見出し画像

冷えてはいけない患者の、猛暑日のおたのしみ

「冷たい」という言語は、人によって違った表現になる。
患者は「ちべたい」と表すことが多い。
方言かなと思ってGoogle先生に訊いてみたら、
京都も大阪も「ひやこい」と指導された。

とにかく。
患者は冷えやすい体質に加え、
副作用の骨髄抑制により白血球が少なく、
すぐに腹をこわすのが日常だ。
ちべたいもの、ひやこいものは
なるべく避ける生活をしている。

毎日、腹巻きは欠かせない。
腹巻きは冬より夏なんですよ、奥さん!
なるべく白湯を飲むようにしているし
なまものを食べるときは、細心の注意を払う。

先日、ナース問診のときに言われたもんね。
「この季節、マスクはもういいから
とにかく食べるものに気を付けてくださいよ」

しかし。
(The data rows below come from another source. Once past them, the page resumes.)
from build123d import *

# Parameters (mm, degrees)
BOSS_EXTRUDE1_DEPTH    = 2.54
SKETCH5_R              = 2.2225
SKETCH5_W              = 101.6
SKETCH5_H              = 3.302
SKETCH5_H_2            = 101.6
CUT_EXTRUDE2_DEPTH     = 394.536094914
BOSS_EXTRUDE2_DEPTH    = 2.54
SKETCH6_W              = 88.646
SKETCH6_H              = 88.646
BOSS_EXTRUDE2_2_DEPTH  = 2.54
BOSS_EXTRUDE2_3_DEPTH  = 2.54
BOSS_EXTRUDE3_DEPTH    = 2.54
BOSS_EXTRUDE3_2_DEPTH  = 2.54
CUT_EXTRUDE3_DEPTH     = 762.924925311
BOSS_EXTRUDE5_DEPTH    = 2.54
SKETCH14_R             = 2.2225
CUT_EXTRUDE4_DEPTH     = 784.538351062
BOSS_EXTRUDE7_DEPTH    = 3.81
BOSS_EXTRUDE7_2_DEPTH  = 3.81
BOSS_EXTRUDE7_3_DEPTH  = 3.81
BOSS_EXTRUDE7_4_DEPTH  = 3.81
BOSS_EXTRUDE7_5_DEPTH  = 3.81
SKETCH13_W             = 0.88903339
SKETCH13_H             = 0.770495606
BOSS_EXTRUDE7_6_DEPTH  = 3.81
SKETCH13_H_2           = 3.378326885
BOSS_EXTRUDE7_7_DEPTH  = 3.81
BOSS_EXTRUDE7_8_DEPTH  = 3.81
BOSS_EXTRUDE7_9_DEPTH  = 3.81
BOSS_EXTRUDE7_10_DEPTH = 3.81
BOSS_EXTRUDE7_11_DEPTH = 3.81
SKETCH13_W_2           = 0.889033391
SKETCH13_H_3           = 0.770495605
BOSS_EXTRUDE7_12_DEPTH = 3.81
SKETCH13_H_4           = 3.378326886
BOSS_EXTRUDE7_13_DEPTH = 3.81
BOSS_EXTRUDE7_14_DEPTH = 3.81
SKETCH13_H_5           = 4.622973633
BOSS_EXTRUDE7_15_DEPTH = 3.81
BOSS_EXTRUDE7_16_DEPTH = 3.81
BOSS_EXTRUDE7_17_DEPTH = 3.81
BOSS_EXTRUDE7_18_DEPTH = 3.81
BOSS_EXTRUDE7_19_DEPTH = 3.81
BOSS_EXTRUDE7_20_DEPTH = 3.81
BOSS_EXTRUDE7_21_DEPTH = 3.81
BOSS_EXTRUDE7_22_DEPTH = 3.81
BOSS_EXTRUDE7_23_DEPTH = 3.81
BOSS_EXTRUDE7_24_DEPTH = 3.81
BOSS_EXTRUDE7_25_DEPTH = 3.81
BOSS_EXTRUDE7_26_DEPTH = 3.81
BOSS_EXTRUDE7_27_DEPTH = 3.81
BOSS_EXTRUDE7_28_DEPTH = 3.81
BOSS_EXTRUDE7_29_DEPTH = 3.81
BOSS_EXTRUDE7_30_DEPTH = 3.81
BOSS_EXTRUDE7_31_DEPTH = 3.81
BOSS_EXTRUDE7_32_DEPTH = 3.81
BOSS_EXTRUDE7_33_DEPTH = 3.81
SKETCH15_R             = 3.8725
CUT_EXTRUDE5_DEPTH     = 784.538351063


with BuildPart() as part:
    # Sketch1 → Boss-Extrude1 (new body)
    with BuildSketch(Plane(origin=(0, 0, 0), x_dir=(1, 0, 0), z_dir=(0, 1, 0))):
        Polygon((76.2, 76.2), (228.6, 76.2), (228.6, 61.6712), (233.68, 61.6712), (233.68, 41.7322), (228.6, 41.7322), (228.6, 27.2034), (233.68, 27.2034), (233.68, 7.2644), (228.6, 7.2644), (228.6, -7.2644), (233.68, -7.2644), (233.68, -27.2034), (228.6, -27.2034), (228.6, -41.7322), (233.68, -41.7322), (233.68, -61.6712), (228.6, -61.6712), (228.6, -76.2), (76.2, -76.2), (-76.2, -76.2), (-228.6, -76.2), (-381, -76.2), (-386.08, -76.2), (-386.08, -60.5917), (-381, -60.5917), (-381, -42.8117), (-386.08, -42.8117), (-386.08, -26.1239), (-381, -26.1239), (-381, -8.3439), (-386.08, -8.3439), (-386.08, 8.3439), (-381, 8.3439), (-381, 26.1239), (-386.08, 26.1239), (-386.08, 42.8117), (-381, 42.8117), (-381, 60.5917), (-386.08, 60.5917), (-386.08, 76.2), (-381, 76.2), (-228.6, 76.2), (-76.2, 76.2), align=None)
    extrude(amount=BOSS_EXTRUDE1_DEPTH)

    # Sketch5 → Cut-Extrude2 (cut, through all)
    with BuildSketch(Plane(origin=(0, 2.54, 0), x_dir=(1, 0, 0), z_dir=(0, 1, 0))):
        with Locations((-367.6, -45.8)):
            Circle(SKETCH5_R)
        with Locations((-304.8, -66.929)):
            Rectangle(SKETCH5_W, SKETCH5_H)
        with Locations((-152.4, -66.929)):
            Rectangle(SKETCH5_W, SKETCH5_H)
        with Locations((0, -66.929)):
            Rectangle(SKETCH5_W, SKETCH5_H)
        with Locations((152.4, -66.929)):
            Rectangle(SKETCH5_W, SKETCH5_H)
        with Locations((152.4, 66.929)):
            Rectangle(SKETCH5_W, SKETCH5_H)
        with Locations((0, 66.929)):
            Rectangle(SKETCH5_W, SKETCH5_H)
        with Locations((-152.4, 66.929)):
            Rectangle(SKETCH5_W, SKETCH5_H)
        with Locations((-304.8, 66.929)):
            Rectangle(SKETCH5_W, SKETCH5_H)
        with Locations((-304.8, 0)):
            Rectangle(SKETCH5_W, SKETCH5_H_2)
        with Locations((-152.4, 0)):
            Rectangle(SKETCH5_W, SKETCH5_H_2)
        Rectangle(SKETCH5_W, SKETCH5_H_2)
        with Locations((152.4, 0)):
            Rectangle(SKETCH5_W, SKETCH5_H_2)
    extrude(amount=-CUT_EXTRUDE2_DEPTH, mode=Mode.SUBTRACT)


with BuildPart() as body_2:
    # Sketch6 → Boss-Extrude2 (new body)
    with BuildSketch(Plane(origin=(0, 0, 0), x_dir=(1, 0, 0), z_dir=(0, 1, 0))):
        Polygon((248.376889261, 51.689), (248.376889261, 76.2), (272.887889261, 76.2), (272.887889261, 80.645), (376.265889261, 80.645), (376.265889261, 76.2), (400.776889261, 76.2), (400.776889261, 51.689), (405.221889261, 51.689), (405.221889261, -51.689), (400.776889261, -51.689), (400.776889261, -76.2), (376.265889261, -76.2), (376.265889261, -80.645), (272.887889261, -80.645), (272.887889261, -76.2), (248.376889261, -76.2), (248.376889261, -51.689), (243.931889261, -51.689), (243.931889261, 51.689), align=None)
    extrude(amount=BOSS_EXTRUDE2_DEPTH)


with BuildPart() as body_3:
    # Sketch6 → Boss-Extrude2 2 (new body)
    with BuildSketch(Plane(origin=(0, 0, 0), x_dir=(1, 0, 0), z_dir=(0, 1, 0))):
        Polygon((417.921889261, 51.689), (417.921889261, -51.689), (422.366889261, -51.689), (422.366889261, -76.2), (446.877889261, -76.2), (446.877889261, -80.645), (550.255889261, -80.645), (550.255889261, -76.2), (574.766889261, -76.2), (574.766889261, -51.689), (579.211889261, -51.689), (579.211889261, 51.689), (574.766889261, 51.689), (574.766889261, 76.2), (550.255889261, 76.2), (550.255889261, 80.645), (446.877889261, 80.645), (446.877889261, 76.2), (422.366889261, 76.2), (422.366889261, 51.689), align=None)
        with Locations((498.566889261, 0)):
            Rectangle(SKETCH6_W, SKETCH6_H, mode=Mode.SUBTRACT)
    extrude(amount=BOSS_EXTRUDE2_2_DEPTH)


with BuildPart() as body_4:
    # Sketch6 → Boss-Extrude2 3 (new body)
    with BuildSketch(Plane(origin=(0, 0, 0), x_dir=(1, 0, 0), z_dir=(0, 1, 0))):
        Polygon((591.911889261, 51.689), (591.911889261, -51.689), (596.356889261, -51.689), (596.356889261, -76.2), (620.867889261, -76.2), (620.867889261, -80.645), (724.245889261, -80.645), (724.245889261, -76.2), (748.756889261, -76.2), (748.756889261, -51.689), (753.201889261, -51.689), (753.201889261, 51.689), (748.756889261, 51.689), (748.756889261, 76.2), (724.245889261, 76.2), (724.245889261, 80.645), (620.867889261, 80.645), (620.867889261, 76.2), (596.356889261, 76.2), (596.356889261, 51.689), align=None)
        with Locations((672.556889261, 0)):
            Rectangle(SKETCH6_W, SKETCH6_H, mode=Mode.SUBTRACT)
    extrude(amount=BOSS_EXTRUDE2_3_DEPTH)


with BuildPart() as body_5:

腸が冷えたとしても
体感としては、そうとう暑い日々だ。
毎日のように気温35℃を超えておるわけですよ。
食べたいよぉ。ひやこいのん欲しいよぉぉ。

かき氷にアイスクリーム
そうめんに冷やし中華
冷製パスタにざるそば
やみつききゅうりに茄子の冷やし鉢
ももにメロン
スイカに無花果
ビールに枝豆‥
(けっきょく行きつくところはここか)

日本には、なんと美しい食文化があることでしょう!

先日、炎天下を歩き回って。
患者はひやこいものを求めていた。
今日もバッチリ腹巻きとソックスでキメてきた。
外の温度計は36℃を超えている。

地元のスタバが珍しく空いていた。
吸い寄せられるよね。
エアコンのよく効いた屋内で、大阪でいうところの
「冷珈(レイコー←アイスコーヒーの意)」を飲むのが、
正しい夏の過ごし方というものだ。

いつもなら
「ソイラテ、あったかいのん、いちばんちっちゃいサイズ」
が定番の患者も、このときばかりは
思い切ってみる。

「ダークモカチップクリームフラペチーノ、ください!」

フラペチーノっていうものは、
とびきり冷たい上に、カロリーが高い。
これまでどんなに歩き回ったか知らないが、
そんなことは「なかったこと」にして
ついでに「今日は1日ゴロゴロしてたよね」
ってことにされちゃうくらいの破壊力をもつ。

時間をかけて、慎重にフラペチーノをいただいた。
もちろん、文句なしに美味しかった。
途中で溶けちゃったけど、悔いはない。

その日も翌日も、腹は壊れていない。
なんだなんだ、いけるじゃない?

調子にのった患者は、
今日ノンアルコールビールを買ってきた。
これをキンキンに冷やして飲んでやる♪

「猛暑日は、ひやこいものを食べてもいいこと」
手帳に、大きく書いておいた。

ことしは、猛暑日が楽しみだね。